§ **Required action**: Could you write the entries out again, exactly as they appear?
—————
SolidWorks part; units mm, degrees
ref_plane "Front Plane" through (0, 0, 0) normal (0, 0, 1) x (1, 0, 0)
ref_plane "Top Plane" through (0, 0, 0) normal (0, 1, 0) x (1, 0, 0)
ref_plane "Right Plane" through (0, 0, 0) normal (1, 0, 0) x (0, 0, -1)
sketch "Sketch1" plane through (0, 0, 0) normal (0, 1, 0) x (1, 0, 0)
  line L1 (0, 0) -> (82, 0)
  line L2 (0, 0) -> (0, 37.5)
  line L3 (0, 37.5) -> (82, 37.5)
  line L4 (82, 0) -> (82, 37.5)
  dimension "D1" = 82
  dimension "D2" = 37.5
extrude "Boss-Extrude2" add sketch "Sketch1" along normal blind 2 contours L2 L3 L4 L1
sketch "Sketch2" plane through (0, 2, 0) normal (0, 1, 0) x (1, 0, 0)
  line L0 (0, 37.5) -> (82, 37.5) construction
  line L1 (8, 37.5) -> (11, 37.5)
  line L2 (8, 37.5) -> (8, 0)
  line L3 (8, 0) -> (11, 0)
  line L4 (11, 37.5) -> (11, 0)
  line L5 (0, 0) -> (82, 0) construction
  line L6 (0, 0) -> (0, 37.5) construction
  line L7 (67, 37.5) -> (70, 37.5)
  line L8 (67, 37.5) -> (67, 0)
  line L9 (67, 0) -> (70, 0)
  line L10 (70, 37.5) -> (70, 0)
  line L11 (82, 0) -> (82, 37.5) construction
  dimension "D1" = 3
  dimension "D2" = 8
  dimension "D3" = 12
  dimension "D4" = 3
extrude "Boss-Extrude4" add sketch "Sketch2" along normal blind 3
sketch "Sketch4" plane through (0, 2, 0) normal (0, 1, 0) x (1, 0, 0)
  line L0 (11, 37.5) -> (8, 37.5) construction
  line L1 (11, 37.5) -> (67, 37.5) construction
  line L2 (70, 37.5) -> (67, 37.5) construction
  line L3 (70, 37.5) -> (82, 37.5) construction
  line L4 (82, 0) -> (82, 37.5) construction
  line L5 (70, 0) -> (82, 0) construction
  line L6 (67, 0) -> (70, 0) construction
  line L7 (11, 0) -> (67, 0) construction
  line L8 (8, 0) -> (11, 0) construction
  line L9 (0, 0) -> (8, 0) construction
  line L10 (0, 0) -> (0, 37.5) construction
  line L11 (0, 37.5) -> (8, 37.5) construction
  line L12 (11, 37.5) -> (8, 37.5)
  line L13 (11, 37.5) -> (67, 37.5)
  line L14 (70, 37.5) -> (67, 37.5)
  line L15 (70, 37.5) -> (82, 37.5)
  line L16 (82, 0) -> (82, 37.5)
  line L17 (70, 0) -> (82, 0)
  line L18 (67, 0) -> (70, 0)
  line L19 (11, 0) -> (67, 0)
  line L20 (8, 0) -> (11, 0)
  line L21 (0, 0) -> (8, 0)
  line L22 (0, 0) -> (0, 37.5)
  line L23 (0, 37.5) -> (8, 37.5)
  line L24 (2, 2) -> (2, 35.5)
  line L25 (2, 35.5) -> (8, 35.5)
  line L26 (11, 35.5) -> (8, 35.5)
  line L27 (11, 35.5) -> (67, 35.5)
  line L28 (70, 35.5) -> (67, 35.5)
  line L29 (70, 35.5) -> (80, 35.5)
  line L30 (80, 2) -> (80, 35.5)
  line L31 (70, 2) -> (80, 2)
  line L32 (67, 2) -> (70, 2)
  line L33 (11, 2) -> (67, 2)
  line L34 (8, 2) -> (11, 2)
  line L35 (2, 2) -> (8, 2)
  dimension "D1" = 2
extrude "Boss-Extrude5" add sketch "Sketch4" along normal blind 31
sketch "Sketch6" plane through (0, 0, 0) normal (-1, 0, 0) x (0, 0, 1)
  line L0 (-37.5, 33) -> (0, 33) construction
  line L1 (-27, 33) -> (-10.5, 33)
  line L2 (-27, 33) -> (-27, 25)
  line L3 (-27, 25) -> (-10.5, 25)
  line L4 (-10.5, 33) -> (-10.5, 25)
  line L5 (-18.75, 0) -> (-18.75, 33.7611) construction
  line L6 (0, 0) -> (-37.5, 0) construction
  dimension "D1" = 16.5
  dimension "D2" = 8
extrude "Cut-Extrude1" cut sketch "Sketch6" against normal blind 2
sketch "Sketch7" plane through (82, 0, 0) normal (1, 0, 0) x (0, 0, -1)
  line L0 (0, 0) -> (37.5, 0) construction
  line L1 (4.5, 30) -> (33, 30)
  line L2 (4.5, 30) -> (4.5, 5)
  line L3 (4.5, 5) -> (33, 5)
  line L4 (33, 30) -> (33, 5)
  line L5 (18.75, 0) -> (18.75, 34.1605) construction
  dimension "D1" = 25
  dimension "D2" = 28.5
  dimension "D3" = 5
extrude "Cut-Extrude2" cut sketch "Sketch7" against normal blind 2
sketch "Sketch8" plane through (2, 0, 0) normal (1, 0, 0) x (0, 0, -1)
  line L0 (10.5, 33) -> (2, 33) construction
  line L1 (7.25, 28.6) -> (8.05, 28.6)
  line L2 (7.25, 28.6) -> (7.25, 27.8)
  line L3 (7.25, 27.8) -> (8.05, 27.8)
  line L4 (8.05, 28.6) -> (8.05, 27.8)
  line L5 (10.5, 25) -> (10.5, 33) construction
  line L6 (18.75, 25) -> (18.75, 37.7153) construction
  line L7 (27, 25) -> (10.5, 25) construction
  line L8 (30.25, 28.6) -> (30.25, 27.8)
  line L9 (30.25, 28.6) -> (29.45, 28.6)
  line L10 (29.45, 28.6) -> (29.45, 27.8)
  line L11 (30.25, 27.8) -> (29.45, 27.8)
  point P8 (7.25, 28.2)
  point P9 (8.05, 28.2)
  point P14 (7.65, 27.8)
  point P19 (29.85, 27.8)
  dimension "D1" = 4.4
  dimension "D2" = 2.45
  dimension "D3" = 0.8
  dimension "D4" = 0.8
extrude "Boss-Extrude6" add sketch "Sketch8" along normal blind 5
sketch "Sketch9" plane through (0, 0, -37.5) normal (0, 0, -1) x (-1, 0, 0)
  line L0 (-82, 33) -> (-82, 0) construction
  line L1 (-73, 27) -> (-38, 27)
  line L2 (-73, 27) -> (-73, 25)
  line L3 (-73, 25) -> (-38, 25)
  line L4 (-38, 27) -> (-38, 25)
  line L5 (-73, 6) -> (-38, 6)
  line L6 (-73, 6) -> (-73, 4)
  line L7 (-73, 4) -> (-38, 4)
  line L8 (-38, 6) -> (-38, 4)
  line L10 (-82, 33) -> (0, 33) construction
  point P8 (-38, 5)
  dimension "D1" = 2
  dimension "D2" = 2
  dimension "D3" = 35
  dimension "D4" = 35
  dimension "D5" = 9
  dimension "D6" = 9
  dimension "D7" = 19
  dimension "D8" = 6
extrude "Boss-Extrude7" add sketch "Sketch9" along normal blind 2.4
—————
§ **Written answer**:
SolidWorks part; units mm, degrees
ref_plane "Front Plane" through (0, 0, 0) normal (0, 0, 1) x (1, 0, 0)
ref_plane "Top Plane" through (0, 0, 0) normal (0, 1, 0) x (1, 0, 0)
ref_plane "Right Plane" through (0, 0, 0) normal (1, 0, 0) x (0, 0, -1)
sketch "Sketch1" plane through (0, 0, 0) normal (0, 1, 0) x (1, 0, 0)
  line L1 (0, 0) -> (82, 0)
  line L2 (0, 0) -> (0, 37.5)
  line L3 (0, 37.5) -> (82, 37.5)
  line L4 (82, 0) -> (82, 37.5)
  dimension "D1" = 82
  dimension "D2" = 37.5
extrude "Boss-Extrude2" add sketch "Sketch1" along normal blind 2 contours L2 L3 L4 L1
sketch "Sketch2" plane through (0, 2, 0) normal (0, 1, 0) x (1, 0, 0)
  line L0 (0, 37.5) -> (82, 37.5) construction
  line L1 (8, 37.5) -> (11, 37.5)
  line L2 (8, 37.5) -> (8, 0)
  line L3 (8, 0) -> (11, 0)
  line L4 (11, 37.5) -> (11, 0)
  line L5 (0, 0) -> (82, 0) construction
  line L6 (0, 0) -> (0, 37.5) construction
  line L7 (67, 37.5) -> (70, 37.5)
  line L8 (67, 37.5) -> (67, 0)
  line L9 (67, 0) -> (70, 0)
  line L10 (70, 37.5) -> (70, 0)
  line L11 (82, 0) -> (82, 37.5) construction
  dimension "D1" = 3
  dimension "D2" = 8
  dimension "D3" = 12
  dimension "D4" = 3
extrude "Boss-Extrude4" add sketch "Sketch2" along normal blind 3
sketch "Sketch4" plane through (0, 2, 0) normal (0, 1, 0) x (1, 0, 0)
  line L0 (11, 37.5) -> (8, 37.5) construction
  line L1 (11, 37.5) -> (67, 37.5) construction
  line L2 (70, 37.5) -> (67, 37.5) construction
  line L3 (70, 37.5) -> (82, 37.5) construction
  line L4 (82, 0) -> (82, 37.5) construction
  line L5 (70, 0) -> (82, 0) construction
  line L6 (67, 0) -> (70, 0) construction
  line L7 (11, 0) -> (67, 0) construction
  line L8 (8, 0) -> (11, 0) construction
  line L9 (0, 0) -> (8, 0) construction
  line L10 (0, 0) -> (0, 37.5) construction
  line L11 (0, 37.5) -> (8, 37.5) construction
  line L12 (11, 37.5) -> (8, 37.5)
  line L13 (11, 37.5) -> (67, 37.5)
  line L14 (70, 37.5) -> (67, 37.5)
  line L15 (70, 37.5) -> (82, 37.5)
  line L16 (82, 0) -> (82, 37.5)
  line L17 (70, 0) -> (82, 0)
  line L18 (67, 0) -> (70, 0)
  line L19 (11, 0) -> (67, 0)
  line L20 (8, 0) -> (11, 0)
  line L21 (0, 0) -> (8, 0)
  line L22 (0, 0) -> (0, 37.5)
  line L23 (0, 37.5) -> (8, 37.5)
  line L24 (2, 2) -> (2, 35.5)
  line L25 (2, 35.5) -> (8, 35.5)
  line L26 (11, 35.5) -> (8, 35.5)
  line L27 (11, 35.5) -> (67, 35.5)
  line L28 (70, 35.5) -> (67, 35.5)
  line L29 (70, 35.5) -> (80, 35.5)
  line L30 (80, 2) -> (80, 35.5)
  line L31 (70, 2) -> (80, 2)
  line L32 (67, 2) -> (70, 2)
  line L33 (11, 2) -> (67, 2)
  line L34 (8, 2) -> (11, 2)
  line L35 (2, 2) -> (8, 2)
  dimension "D1" = 2
extrude "Boss-Extrude5" add sketch "Sketch4" along normal blind 31
sketch "Sketch6" plane through (0, 0, 0) normal (-1, 0, 0) x (0, 0, 1)
  line L0 (-37.5, 33) -> (0, 33) construction
  line L1 (-27, 33) -> (-10.5, 33)
  line L2 (-27, 33) -> (-27, 25)
  line L3 (-27, 25) -> (-10.5, 25)
  line L4 (-10.5, 33) -> (-10.5, 25)
  line L5 (-18.75, 0) -> (-18.75, 33.7611) construction
  line L6 (0, 0) -> (-37.5, 0) construction
  dimension "D1" = 16.5
  dimension "D2" = 8
extrude "Cut-Extrude1" cut sketch "Sketch6" against normal blind 2
sketch "Sketch7" plane through (82, 0, 0) normal (1, 0, 0) x (0, 0, -1)
  line L0 (0, 0) -> (37.5, 0) construction
  line L1 (4.5, 30) -> (33, 30)
  line L2 (4.5, 30) -> (4.5, 5)
  line L3 (4.5, 5) -> (33, 5)
  line L4 (33, 30) -> (33, 5)
  line L5 (18.75, 0) -> (18.75, 34.1605) construction
  dimension "D1" = 25
  dimension "D2" = 28.5
  dimension "D3" = 5
extrude "Cut-Extrude2" cut sketch "Sketch7" against normal blind 2
sketch "Sketch8" plane through (2, 0, 0) normal (1, 0, 0) x (0, 0, -1)
  line L0 (10.5, 33) -> (2, 33) construction
  line L1 (7.25, 28.6) -> (8.05, 28.6)
  line L2 (7.25, 28.6) -> (7.25, 27.8)
  line L3 (7.25, 27.8) -> (8.05, 27.8)
  line L4 (8.05, 28.6) -> (8.05, 27.8)
  line L5 (10.5, 25) -> (10.5, 33) construction
  line L6 (18.75, 25) -> (18.75, 37.7153) construction
  line L7 (27, 25) -> (10.5, 25) construction
  line L8 (30.25, 28.6) -> (30.25, 27.8)
  line L9 (30.25, 28.6) -> (29.45, 28.6)
  line L10 (29.45, 28.6) -> (29.45, 27.8)
  line L11 (30.25, 27.8) -> (29.45, 27.8)
  point P8 (7.25, 28.2)
  point P9 (8.05, 28.2)
  point P14 (7.65, 27.8)
  point P19 (29.85, 27.8)
  dimension "D1" = 4.4
  dimension "D2" = 2.45
  dimension "D3" = 0.8
  dimension "D4" = 0.8
extrude "Boss-Extrude6" add sketch "Sketch8" along normal blind 5
sketch "Sketch9" plane through (0, 0, -37.5) normal (0, 0, -1) x (-1, 0, 0)
  line L0 (-82, 33) -> (-82, 0) construction
  line L1 (-73, 27) -> (-38, 27)
  line L2 (-73, 27) -> (-73, 25)
  line L3 (-73, 25) -> (-38, 25)
  line L4 (-38, 27) -> (-38, 25)
  line L5 (-73, 6) -> (-38, 6)
  line L6 (-73, 6) -> (-73, 4)
  line L7 (-73, 4) -> (-38, 4)
  line L8 (-38, 6) -> (-38, 4)
  line L10 (-82, 33) -> (0, 33) construction
  point P8 (-38, 5)
  dimension "D1" = 2
  dimension "D2" = 2
  dimension "D3" = 35
  dimension "D4" = 35
  dimension "D5" = 9
  dimension "D6" = 9
  dimension "D7" = 19
  dimension "D8" = 6
extrude "Boss-Extrude7" add sketch "Sketch9" along normal blind 2.4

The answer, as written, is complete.